"Lovefool" is a song written by Peter Svensson and Nina Persson for Swedish rock band the Cardigans' third studio album, First Band on the Moon (1996). It was released as the album's lead single in Sweden in mid-1996 and on 9 September 1996 in the United Kingdom. In the United States, the song was serviced to radio in August 1996. A few months after its release, the track was included in the Baz Luhrmann film Romeo + Juliet, helping the song gain international recognition.

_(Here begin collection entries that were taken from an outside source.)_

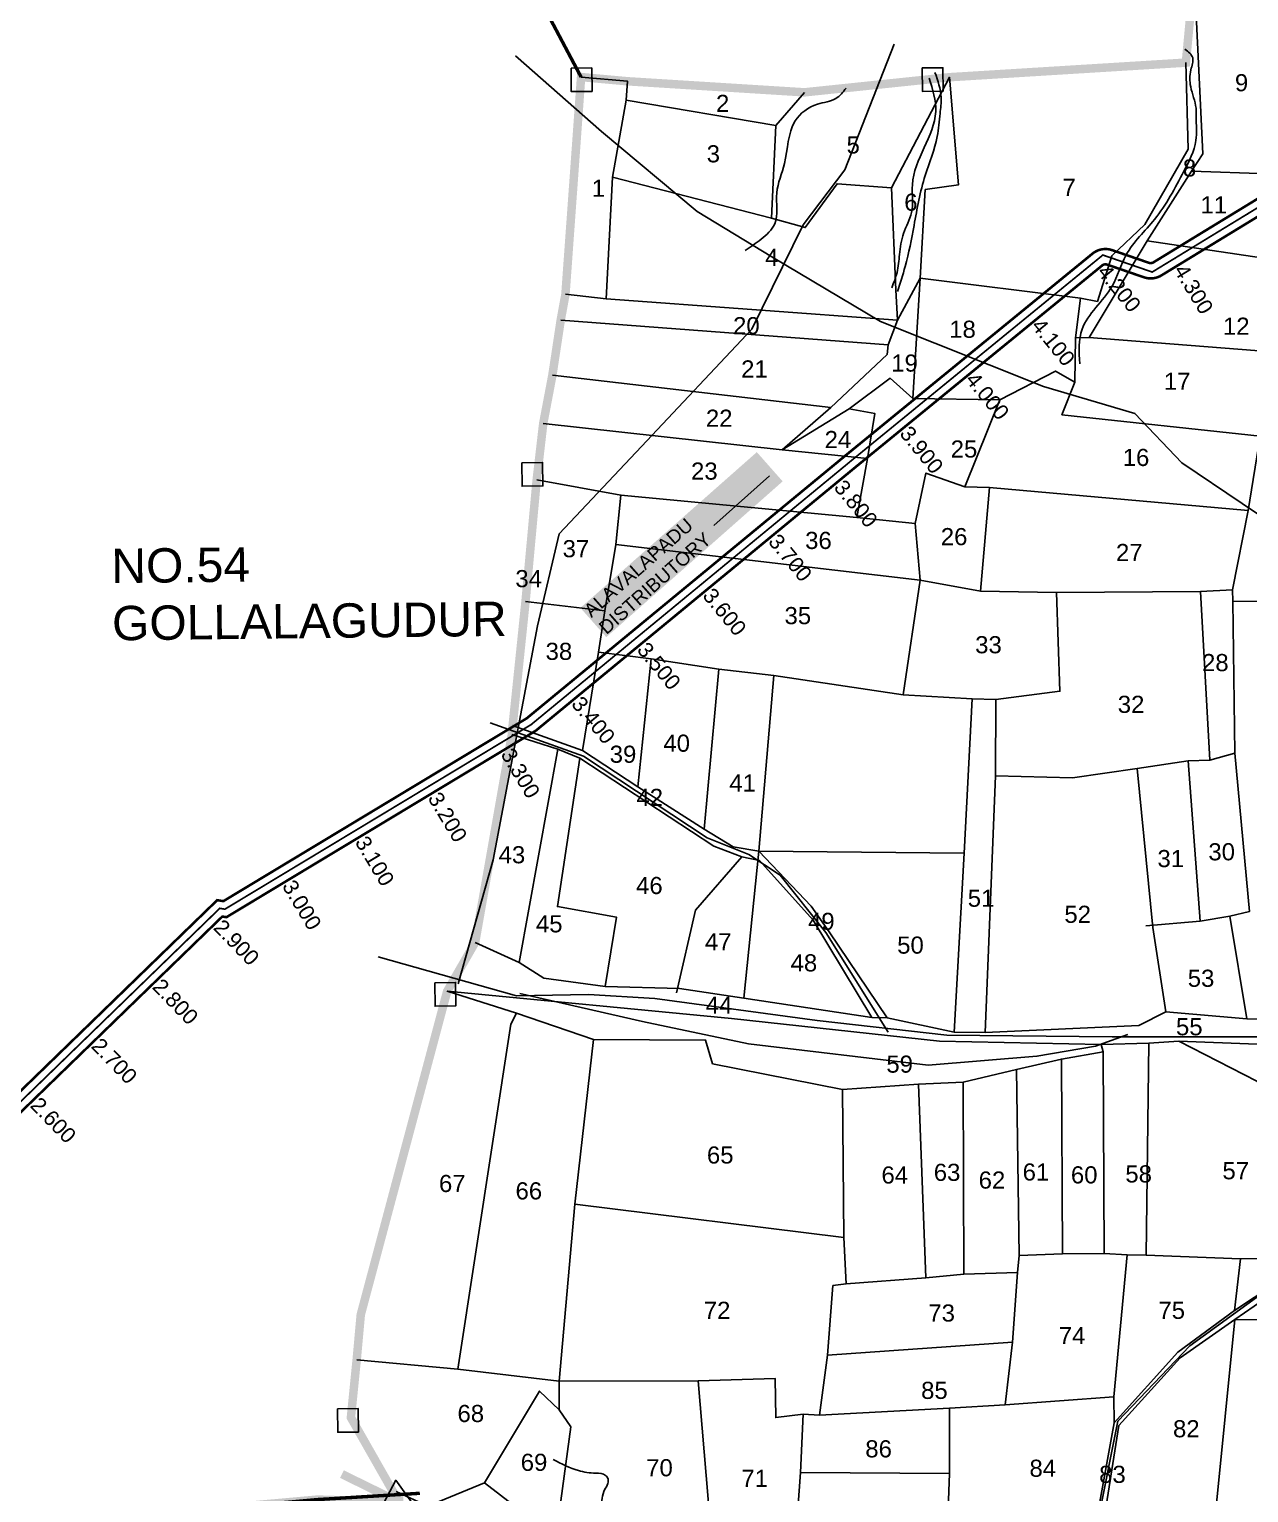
# Model space of a CAD drawing. Header units: inches. Extents: x 206739 to 240559, y 1587423 to 1599564.
# Drawn here: x 213410 to 214843, y 1592646 to 1594366 of the extents above; entities that cross this region are included whole.
import ezdxf
from ezdxf.enums import TextEntityAlignment as Align

# ---------------------------------------------------------------- set-up
doc = ezdxf.new("R2010")
doc.units = ezdxf.units.IN
doc.header["$MEASUREMENT"] = 0
doc.linetypes.add('DASHED2', pattern=[0.375, 0.25, -0.125])
doc.linetypes.add('HIDDEN2', pattern=[0.1875, 0.125, -0.0625])
for name, color, linetype in [('BLOCK', 72, 'Continuous'), ('CANAL1', 7, 'Continuous'), ('CSMark', 72, 'Continuous'), ('PAPER SIZE', 5, 'Continuous'), ('PLOT', 7, 'Continuous'), ('PLOT NO', 7, 'Continuous'), ('RAOD', 1, 'Continuous'), ('STREAM', 4, 'Continuous'), ('STRUCTURE', 5, 'Continuous'), ('text1', 7, 'Continuous'), ('VILLAGE BOUNDARY STONES', 1, 'Continuous'), ('VILLAGE BOUNDRY', 5, 'Continuous'), ('VILLAGE BOUNDRY STONES', 1, 'Continuous')]:
    doc.layers.add(name, color=color, linetype=linetype)
doc.styles.add('FONT1', font='Arial')
doc.styles.get("Standard").update_dxf_attribs({"font": 'arial.ttf'})
doc.dimstyles.get("Standard").update_dxf_attribs({"dimtxt": 0.18, "dimasz": 0.18, "dimexe": 0.18, "dimexo": 0.0625, "dimgap": 0.09, "dimtad": 0, "dimtih": 1, "dimtoh": 1, "dimdec": 4, "dimzin": 0, "dimdsep": 46, "dimtxsty": 'Standard', "dimcen": 0.09, "dimadec": 0, "dimazin": 0, "dimtfac": 1, "dimtdec": 4, "dimtofl": 0, "dimtmove": 0, "dimatfit": 3, "dimfxl": 1, "dimtolj": 1, "dimtzin": 0, "dimarcsym": 0})

# ---------------------------------------------------------------- blocks, each defined once
blk = doc.blocks.new('CIRCLE-BOX')
for p, q in [((-0.5, 0), (0.5, 0)), ((0, 0.5), (0, -0.5))]:
    blk.add_line(p, q)
blk.add_circle((0, 0), 0.2)

msp = doc.modelspace()

# ---------------------------------------------------------------- linework, layer by layer
at = {"layer": 'CANAL1', "color": 200, "linetype": 'ByBlock', "ltscale": 40, "const_width": 3}
for points in [[(213252.4062, 1592975.14226), (213630.99429, 1593342.6251), (213638.20071, 1593341.42403), (213994.78615, 1593556.36581), (214370.28906, 1593865.95597), (214659.82732, 1594102.67306, -0.2599863057), (214682.84196, 1594106.78144), (214726.25785, 1594091.81045, 0.2236230464), (214731.33945, 1594092.36114), (214861.0731, 1594171.53682), (214953.44237, 1594236.09599), (214968.2536, 1594249.05582), (215112.88071, 1594455.52347), (215123.63543, 1594468.07065, -0.0779542242), (215129.293, 1594472.89991), (215699.61109, 1594823.33633, 0.3073998411), (215702.38027, 1594829.48189), (215672.00743, 1595003.17652), (215670.99833, 1595109.13209), (215678.0076, 1595289.37034)], [(213265.5938, 1592962.85774), (213637.00571, 1593323.3749), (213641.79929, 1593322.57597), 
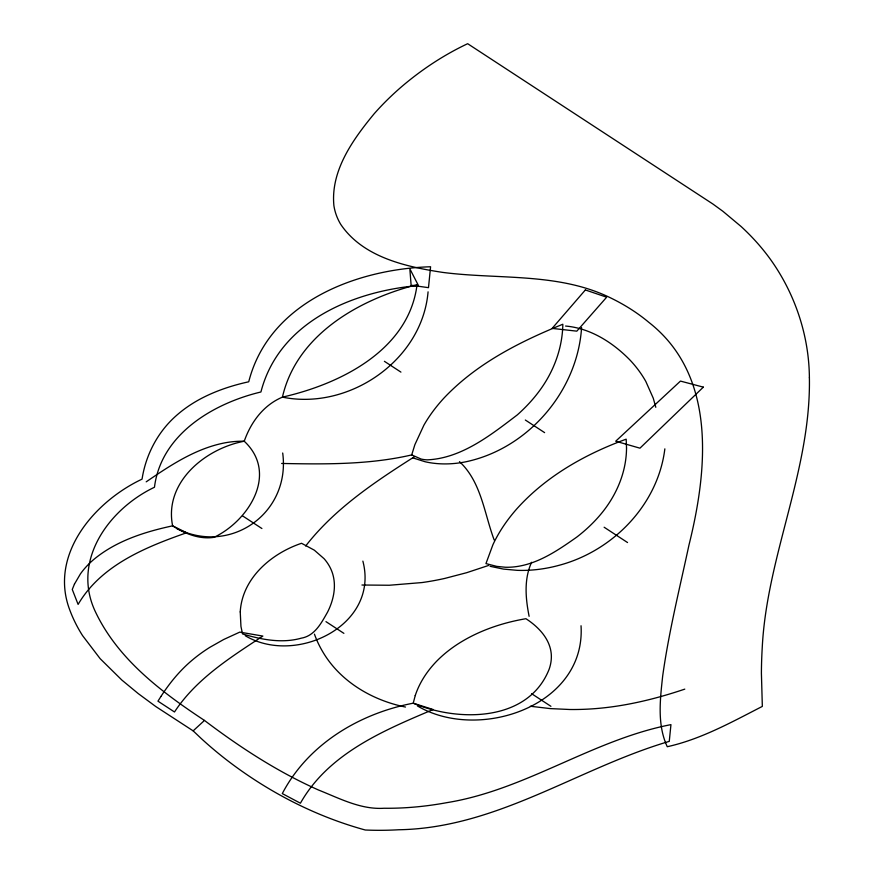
<?xml version="1.0" encoding="UTF-8"?>
<svg xmlns="http://www.w3.org/2000/svg" width="874" height="874" viewBox="0 0 874 874"><rect width="100%" height="100%" fill="white"/><g stroke="black" fill="none" stroke-linecap="round" stroke-linejoin="round"><path stroke-width="1.31" d="M581.581 327.586C577.528 391.377 527.754 449.116 465.077 461.953A74.749 49.916 -15.3 0 1 425.157 461.756L412.878 457.9M428.074 291.84C422.218 360.547 348.715 410.66 282.433 397.135C263.391 405.154 250.882 422.229 244.239 441.228C205.292 448.548 163.897 482.273 172.615 525.842C184.775 533.621 199.359 539.597 214.043 537.335C248.729 520.751 278.719 473.522 244.239 441.228A68.096 45.481 -15.3 0 0 224.837 442.856C195.612 448.482 170.364 465.35 146.198 481.836M664.852 448.854C657.98 504.801 612.871 550.959 559.284 565.249A98.249 65.616 -15.3 0 1 517.222 570.34L503.468 569.094L490.096 566.308M411.709 454.917L414.866 444.702L423.912 425.168A178.678 119.323 -15.3 0 1 444.058 397.976C476.494 363.617 519.582 341.81 562.834 324.243C562.463 347.874 553.941 370.926 540.099 389.957A164.192 109.654 -15.3 0 1 517.255 414.932C491.035 434.848 461.669 458.304 427.364 459.855A27.28 18.223 -15.3 0 1 421.104 459.036L411.709 454.917C369.101 464.815 325.106 464.291 281.647 463.46M531.611 562.255C523.799 579.233 525.58 598.526 529.12 616.323M305.671 545.988C334.753 508.592 374.913 481.869 414.462 456.709M193.154 730.861L204.472 720.438C240.066 747.401 277.779 771.939 318.682 790.085C339.713 798.443 360.831 809.761 384.112 808.253C405.175 808.494 426.217 806.451 446.931 802.638C525.984 789.834 592.594 739.808 670.948 724.633L669.266 741.36C578.009 768.202 496.956 828.126 398.741 829.754A248.238 165.787 -15.3 0 1 365.266 830.005C315.405 816.327 268.668 792.15 227.688 760.741A662.077 442.157 -15.3 0 1 201.151 738.432L193.154 730.861L155.769 706.531L138.256 693.606L121.901 680.103L100.149 658.668L82.593 635.649A294.505 196.683 -15.3 0 1 69.854 610.194C48.551 554.804 94.468 501.534 142.058 479.138C145.707 455.288 157.342 432.696 175.324 416.505A102.105 68.194 -15.3 0 1 198.343 400.074C214.054 391.377 231.228 385.62 248.729 381.785C269.028 302.229 356.111 269.083 430.587 266.756L428.489 287.666L411.119 285.219L409.83 268.777L418.428 285.536C352.593 291.239 278.97 321.872 260.922 391.989C213.354 403.318 161.024 434.236 154.469 487.244C109.174 508.843 71.537 560.223 95.058 611.035C117.509 659.04 161.384 691.99 204.472 720.438M488.719 565.402L466.694 572.689L444.691 578.446A192.193 128.358 -15.3 0 1 421.967 582.565L389.258 585.252L361.945 585.012M684.79 689.127C656.887 698.544 628.078 705.668 598.712 708.344A208.416 139.185 -15.3 0 1 569.804 709.502L550.249 708.596L530.376 706.258M565.587 326.046C590.518 328.209 612.925 342.564 630.056 360.121A217.976 145.576 -15.3 0 1 645.831 381.479L653.271 398.227L655.806 407.295M405.492 707.044C372.248 700.325 340.281 681.589 322.79 651.851A222.968 148.908 -15.3 0 1 314.443 634.153M176.745 528.552C230.66 555.58 290.736 512.972 282.695 453.005M245.277 635.726C295.609 665.868 379.709 625.445 362.874 561.119M417.357 705.886C478.187 742.135 586.039 706.356 581.035 625.751M525.329 420.023L544.611 432.63M384.396 361.312L400.926 372.116M604.131 527.23L627.554 542.546M531.632 693.705L550.926 706.323M242.611 515.911L261.905 528.519M325.969 621.643L343.886 633.355M459.484 461.636C481.345 481.956 484.229 513.442 494.192 540.023M240.241 611.909L240.951 626.429L242.524 633.923C261.37 639.604 281.854 643.646 301.246 638.184C314.804 635.89 321.403 622.933 327.597 612.051C333.431 600.46 336.501 586.815 332.754 574.098A86.897 58.034 -15.3 0 0 324.057 558.672L314.312 550.161L301.53 543.289C271.377 553.417 242.142 578.184 240.241 611.909M809.39 377.765C811.05 470.354 766.815 555.908 762.237 647.645A968.567 646.836 -15.3 0 0 761.407 673.209L762.336 706.4C731.746 722.077 701.09 739.207 667.266 746.724C657.008 724.688 660.154 699.408 662.678 676.028C668.829 631.913 679.601 588.628 688.952 545.125C707.525 470.409 717.193 375.776 648.803 322.32A269.563 180.022 -15.3 0 0 611.92 298.547C559.48 272.142 498.956 279.746 442.506 272.371C405.645 266.712 363.027 257.295 340.74 224.389A114.177 76.257 -15.3 0 1 333.901 205.674C330.448 170.681 352.998 139.414 374.148 113.784A273.376 182.568 -15.3 0 1 401.854 86.493C421.825 69.472 443.916 54.909 467.656 43.7L712.911 204.024L722.896 211.29L741.097 226.508A410.714 274.283 -15.3 0 1 770.682 259.698C795.089 293.926 809.073 335.671 809.39 377.765M626.527 448.012C626.418 472.758 615.908 496.563 599.968 515.201A146.799 98.041 -15.3 0 1 576.709 537.149C557.907 550.358 537.674 564.32 514.24 566.876A47.414 31.661 -15.3 0 1 505.238 567.237L496.76 566.385L485.955 563.599L492.925 544.71A191.297 127.757 -15.3 0 1 516.763 508.908C546.032 476.21 585.318 454.098 626.177 439.174L626.527 448.012M417.051 284.64C408.912 350.234 340.194 384.057 282.433 397.135C296.657 334.676 359.334 299.334 417.051 284.64M415.237 695.562L413.227 703.188C359.542 713.479 308.107 744.069 282.291 793.592L300.416 803.206C328.362 753.661 383.26 730.609 433.143 709.524L413.227 703.188C457.932 722.121 528.18 722.263 549.145 669.222A71.974 48.07 -15.3 0 0 551.166 653.075C549.44 638.107 538.002 626.582 525.94 618.705C502.026 622.78 478.559 630.766 458.052 643.898A109.337 73.012 -15.3 0 0 436.891 660.973C427.32 670.795 419.542 682.485 415.237 695.562M74.454 584.105L72.269 589.458L78.103 604.415C101.122 565.117 145.663 547.124 186.599 532.758L172.615 525.842C144.505 531.884 115.881 540.962 93.496 559.71A83.478 55.75 -15.3 0 0 80.452 573.847L74.454 584.105M160.969 696.425L157.954 701.166L174.494 711.982C196.202 678.858 230.474 657.434 262.856 636.075L239.76 632.12L223.7 639.495L209.815 647.35A127.943 85.444 -15.3 0 0 192.498 659.903C180.088 670.271 169.709 682.856 160.969 696.425M585.361 289.96L552.139 328.395L576.818 331.159L606.654 297.193L585.361 289.96M703.341 387.138L639.954 448.176L615.7 441.228L680.453 381.086L703.341 387.138"/></g></svg>

"Lovefool" peaked at number two on the UK Singles Chart following a re-release in 1997 and achieved moderate success on other European charts. In North America, it reached number three in Canada and number two on the US Billboard Hot 100 Airplay Chart (it did not appear on the Hot 100 due to rules in place at the time). In Australasia, the song topped the New Zealand Singles Chart and climbed to number 11 in Australia, earning gold sales certifications in both regions.

Background
Persson wrote the lyrics to the song at an airport while waiting for a plane. She later said that the song is "quite a sad love song; the meaning of it is quite pathetic, really." She also added that "the biggest hits are the ones that are the easiest to write".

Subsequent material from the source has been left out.